К Дашаратхе приходит святой Вишвамитра, знаменитый подвижник. Он просит царя отпустить с ним Раму, чтобы тот защитил его лесную обитель от бесчинства ракшасов. Царю жаль отпускать юного Раму, но он опасается гнева Вишвамитры. Рама и с ним Лакшмана выходят в путь к подножью Гималаев.

Они переправляются через Гангу. Здесь великий отшельник благословляет их водою святой реки. Он предвещает им славную земную жизнь и блаженство на небесах.

По дороге в обитель, в густом лесу, Рама убивает ракшаси Тараку, злобную и мощную, словно тысяча взбесившихся слонов. Вишвамитра дарит ему волшебное оружие богов: оно является на поле боя по желанию обладателя и всегда приносит победу.

Охраняя обитель, Рама расправляется еще с двумя могущественными ракшасами – Мáричей и Субáху…

Вишвамитра просит Раму и Лакшману поехать с ним в Митхилу, правитель которой, Джáнака, готовится совершить великое жертвоприношение.

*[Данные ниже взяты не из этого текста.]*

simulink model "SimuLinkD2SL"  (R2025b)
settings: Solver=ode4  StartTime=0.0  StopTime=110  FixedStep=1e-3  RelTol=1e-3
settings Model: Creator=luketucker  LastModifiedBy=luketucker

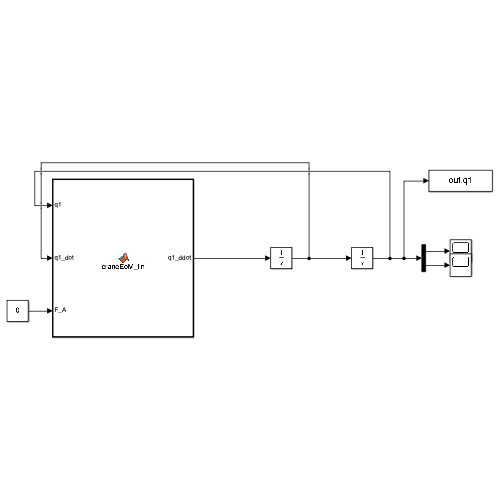
[thumbnail: Simulink's stored preview of the top-level diagram]
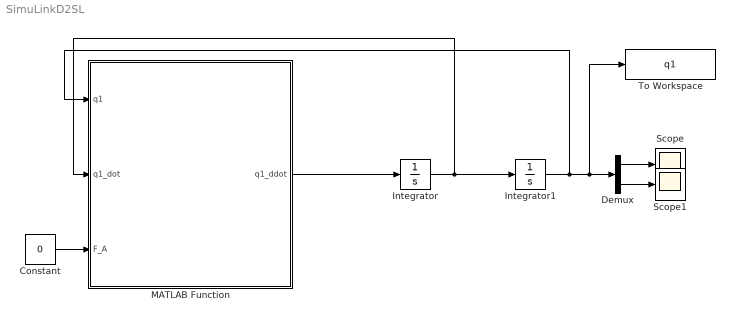
== system SimuLinkD2SL ==
  Constant : Constant  Value=0
  Demux : Demux  Outputs=2
  Integrator : Integrator  InitialCondition=[0;0]
  Integrator1 : Integrator  InitialCondition=[11.5;pi/3]
  MATLAB Function : MATLAB Function  TreatAsAtomicUnit=on
  Scope : Scope
      settings: ActiveDisplayYMinimum=-1  ActiveDisplayYMaximum=1
  Scope1 : Scope
      settings: ActiveDisplayYMinimum=-1  ActiveDisplayYMaximum=1
  To Workspace : ToWorkspace  VariableName=q1  SampleTime=-1
  wires:
  MATLAB Function/1(q1_ddot) -> Integrator/1
  Integrator/1 -> Integrator1/1, MATLAB Function/2(q1_dot)
  Integrator1/1 -> To Workspace/1, Demux/1, MATLAB Function/1(q1)
  Constant/1 -> MATLAB Function/3(F_A)
  Demux/1 -> Scope/1
  Demux/2 -> Scope1/1

== matlab function SimuLinkD2SL/MATLAB Function ==
  data: q1 input; q1_ddot output; q1_dot input; F_A input
function q1_ddot = craneEoM_lin(q1, q1_dot, F_A)




    %Generalized coordinates
    x1          = q1(1);
    theta1      = q1(2);
    x1_dot      = q1_dot(1);
    theta1_dot  = q1_dot(2);


    M = craneM_lin_sym( x1, theta1, x1_dot, theta1_dot, F_A );
    F = craneF_lin_sym( x1, theta1, x1_dot, theta1_dot, F_A );

    % Solve for accelerations
    q1_ddot = M \ F;     % 2x1: [x_ddot; theta_ddot]


end

Они путешествуют. Вишвамитра рассказывает о местах, мимо которых они проходят.

Они являются ко двору царя Митхилы. Джанака повествует им о божественном луке Шивы.

Некогда Дакша, тесть Шивы, устроил на небесах великое жертвоприношение. Пригласили всех, кроме зятя. Взбешенный Шива явился на пир с огромным луком, грозя убить всех. Но небожители смягчили его гнев, и он согласился передать свой волшебный лук предку Джанаки, земному царю Деварате, на хранение. Теперь этот лук перешел к Джанаке.

Джанака был бездетен и молил богов о потомстве. Когда он вспахивал священным плугом поле, чтобы возвести там алтарь, из борозды навстречу ему поднялась прекрасная дева. Джанака взял ее в дочери и назвал Сита, что означает «борозда». Когда Сита достигла совершеннолетия, Джанака объявил: Сита достанется в жены тому, кто сумеет надеть тетиву на священный лук Шивы. Но никто даже не мог поднять с земли этот лук.

Джанака предлагает Раме попробовать свои силы.

[Лук Шивы]

(Часть 67)

«Божественный лук, Деварáте подаренный Рудрой,

Дай Раме узреть», – Вишвами́тра сказал благомудрый.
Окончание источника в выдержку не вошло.